Scalability of this approach is definitely a topic we will have to solve in future. With the current approach all objects have to be applied in a single request. If a huge number of objects shall be processed during one request, timeouts or other performance issues could arise. A possible solution we are thinking about is doing it similar to Kubernetes. You can define your intended objects in several yaml files inside a folder. Those can be uploaded to meshStack via a CLI or an according REST call. Processing of these objects will be done asynchronously once all files are uploaded.
When to use declarative deletion
Deletion support in a declarative API can be a really nice comfort feature for your clients, as a lot of complexity will be removed for them.
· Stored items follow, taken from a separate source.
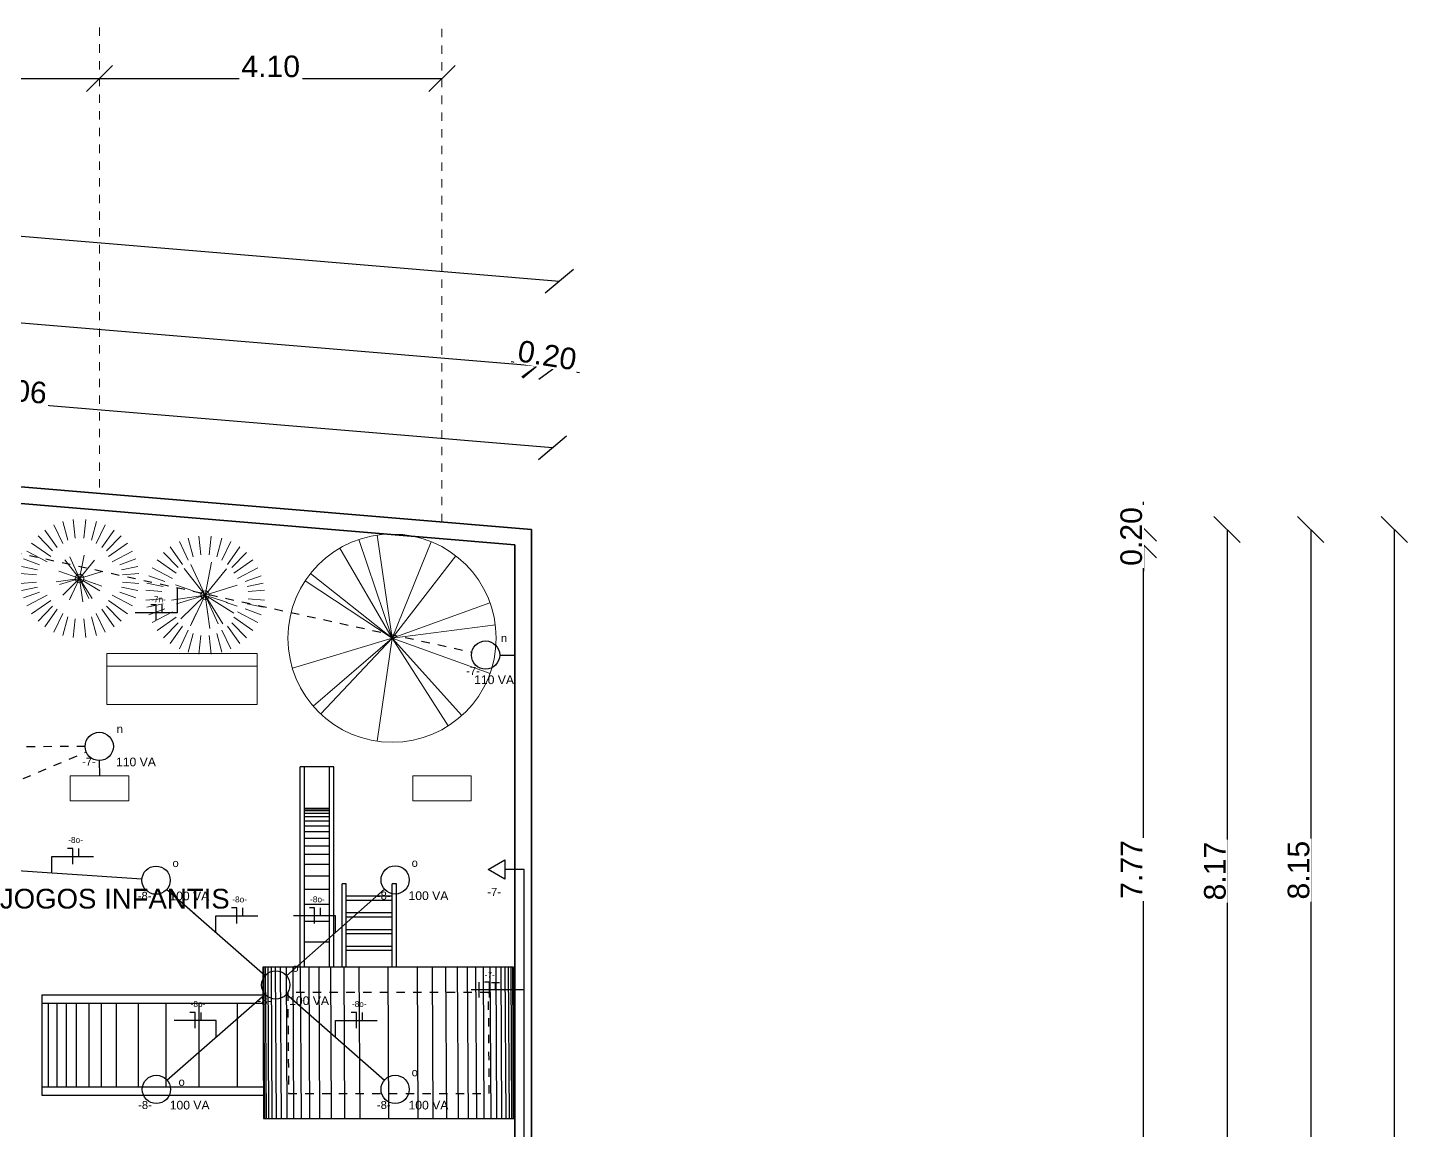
# Model space of a CAD drawing. Header units: metres. Extents: x -182 to 99, y 70 to 117.
# Drawn here: x -80.58 to -64.08, y 104.05 to 117.24 of the extents above; entities that cross this region are included whole.
import ezdxf

# ---------------------------------------------------------------- set-up
doc = ezdxf.new("R2010")
doc.units = ezdxf.units.M
doc.header["$LTSCALE"] = 0.01
doc.linetypes.add('HIDDEN2', pattern=[4.7625, 3.175, -1.5875])
doc.linetypes.add('TRAZOS2', pattern=[9.525, 6.35, -3.175])
for name, color, linetype, lineweight in [('A-ANNO-DIMS', 1, 'Continuous', 9), ('A-ANNO-TEXT', 2, 'Continuous', 9), ('A-WALL', 2, 'Continuous', 9), ('L-PLNT-BEDS', 3, 'Continuous', 9), ('L-SITE', 6, 'Continuous', 9), ('S-COLS', 6, 'Continuous', 9), ('S-GRID', 1, 'Continuous', 9)]:
    doc.layers.add(name, color=color, linetype=linetype, lineweight=lineweight)
for name, color, linetype in [('FIAÇÃO', 10, 'Continuous'), ('Força', 7, 'Continuous'), ('Iluminação', 7, 'Continuous'), ('MUEBLES 0.05', 54, 'Continuous'), ('PARED 0.1', 4, 'Continuous'), ('Pared 0.3.', 31, 'Continuous'), ('PUERTAS 0.2', 3, 'Continuous')]:
    doc.layers.add(name, color=color, linetype=linetype)
doc.styles.add('Arial', font='arial.ttf', dxfattribs={"height": 0.29506})
doc.styles.add('Arial_1', font='arial.ttf', dxfattribs={"height": 0.368825})
doc.styles.add('Arial_2', font='arial.ttf', dxfattribs={"height": 0.258177})
doc.dimstyles.new('Diagonal', dxfattribs={"dimscale": 0.3048, "dimtxt": 0.258177, "dimasz": 1.025262, "dimexe": 0.984252, "dimexo": 0.615157, "dimgap": 0.04101, "dimtad": 1, "dimrnd": 0.01, "dimzin": 0, "dimdsep": 46, "dimtxsty": 'Arial_2', "dimblk1": 'OBLIQUE', "dimblk2": 'OBLIQUE', "dimsah": 1, "dimcen": 0.09, "dimse1": 1, "dimse2": 1, "dimazin": 0, "dimtfac": 1, "dimtix": 1, "dimtmove": 0, "dimatfit": 3, "dimfxl": 1, "dimtvp": 1, "dimtfill": 1, "dimtolj": 1, "dimtzin": 0, "dimarcsym": 2})

# ---------------------------------------------------------------- blocks, each defined once
blk = doc.blocks.new('Pilar rectangular hormigón - 300 x 700 mm-506285-Planta Baja')
at = {"layer": 'S-COLS'}
for p, q in [((0.15, 0.35), (-0.15, 0.35)), ((-0.15, 0.35), (-0.15, -0.35)), ((0.15, -0.35), (0.15, 0.35)), ((-0.15, -0.35), (0.15, -0.35))]:
    blk.add_line(p, q, dxfattribs=at)
blk = doc.blocks.new('_Oblique')
at = {"color": 0, "linetype": 'ByBlock', "lineweight": -2}
blk.add_line((-0.5, -0.5), (0.5, 0.5), dxfattribs=at)
blk = doc.blocks.new('*D251')
at = {"layer": 'A-ANNO-DIMS', "color": 0, "lineweight": -2, "transparency": 16777216}
blk.add_line((-85.223, 116.63), (-79.723, 116.63), dxfattribs=at)
at = {"layer": 'Defpoints', "color": 0, "transparency": 16777216}
for p in [(-85.223, 116.851), (-79.723, 116.851), (-79.723, 116.63)]:
    blk.add_point(p, dxfattribs=at)
at = {"layer": 'A-ANNO-DIMS', "color": 0, "lineweight": -2, "transparency": 16777216, "xscale": 0.3124999999999999, "yscale": 0.3124999999999999, "zscale": 0.3124999999999999, "rotation": 180}
blk.add_blockref('_Oblique', (-85.223, 116.63), dxfattribs=at)
at = {"layer": 'A-ANNO-DIMS', "color": 0, "lineweight": -2, "transparency": 16777216, "xscale": 0.3124999999999999, "yscale": 0.3124999999999999, "zscale": 0.3124999999999999}
blk.add_blockref('_Oblique', (-79.723, 116.63), dxfattribs=at)
at = {"layer": 'A-ANNO-DIMS', "color": 0, "transparency": 16777216, "insert": (-82.473, 116.774), "char_height": 0.2582, "attachment_point": 5, "style": 'Arial_2', "bg_fill": 3, "box_fill_scale": 1.1, "bg_fill_color": 256, "bg_fill_true_color": 13158600, "bg_fill_transparency": 0}
blk.add_mtext('\\A1;5.50', dxfattribs=at)
blk = doc.blocks.new('*D252')
at = {"layer": 'A-ANNO-DIMS', "color": 0, "lineweight": -2, "transparency": 16777216}
blk.add_line((-79.723, 116.63), (-75.627, 116.63), dxfattribs=at)
at = {"layer": 'Defpoints', "color": 0, "transparency": 16777216}
for p in [(-79.723, 116.851), (-75.627, 116.851), (-75.627, 116.63)]:
    blk.add_point(p, dxfattribs=at)
at = {"layer": 'A-ANNO-DIMS', "color": 0, "lineweight": -2, "transparency": 16777216, "xscale": 0.3124999999999999, "yscale": 0.3124999999999999, "zscale": 0.3124999999999999, "rotation": 180}
blk.add_blockref('_Oblique', (-79.723, 116.63), dxfattribs=at)
at = {"layer": 'A-ANNO-DIMS', "color": 0, "lineweight": -2, "transparency": 16777216, "xscale": 0.3124999999999999, "yscale": 0.3124999999999999, "zscale": 0.3124999999999999}
blk.add_blockref('_Oblique', (-75.627, 116.63), dxfattribs=at)
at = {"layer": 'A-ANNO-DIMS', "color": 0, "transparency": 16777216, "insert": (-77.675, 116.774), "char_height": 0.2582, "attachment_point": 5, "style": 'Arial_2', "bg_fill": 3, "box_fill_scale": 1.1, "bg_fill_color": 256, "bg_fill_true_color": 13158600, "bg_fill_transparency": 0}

Removing no longer existing objects in the request will be handled by the declarative system.
The downside of declarative deletion is that it is implicit and can easily result in removing objects that were not intended to be removed, just because they were not part of the request anymore. As long as you are managing stateless objects it might be fine to take that risk as you could simply recreate them with the next request. If objects are stateful (e.g. a databases or volumes), it might be a bad idea to remove the resource and recreate it again. In that case all data will be gone. But even in the stateful use-cases you can reduce the risk by:
- making declarative deletion explicit via an additional parameter that needs to be provided, so the client is actually aware that declarative deletion will be applied.
- exclude certain objects from deletion (e.g. volumes and databases). Those can only be deleted in an imperative way. It could also be an option to let the end-user decide which objects should be excluded from the declarative deletion by flagging them accordingly.
- implement a dry-run functionality like
terraform planthat will show the client which state will be applied in the end. This is a good option when providing access to the declarative API via a CLI for example. In case of an automated integration between two systems, it is not helpful as there is no-one to check the result of the dry-run. Still, some automation might be possible, but that would again require some complex logic on the client side, which we wanted to avoid in the first place.
In general it makes sense to additionally provide an imperative deletion, as the declarative deletion should always be an opt-in the client explicitly has to choose. The client always needs to be aware of the consequences the declarative deletion implies and that the client might need to be extra careful to always provide a complete list of resources.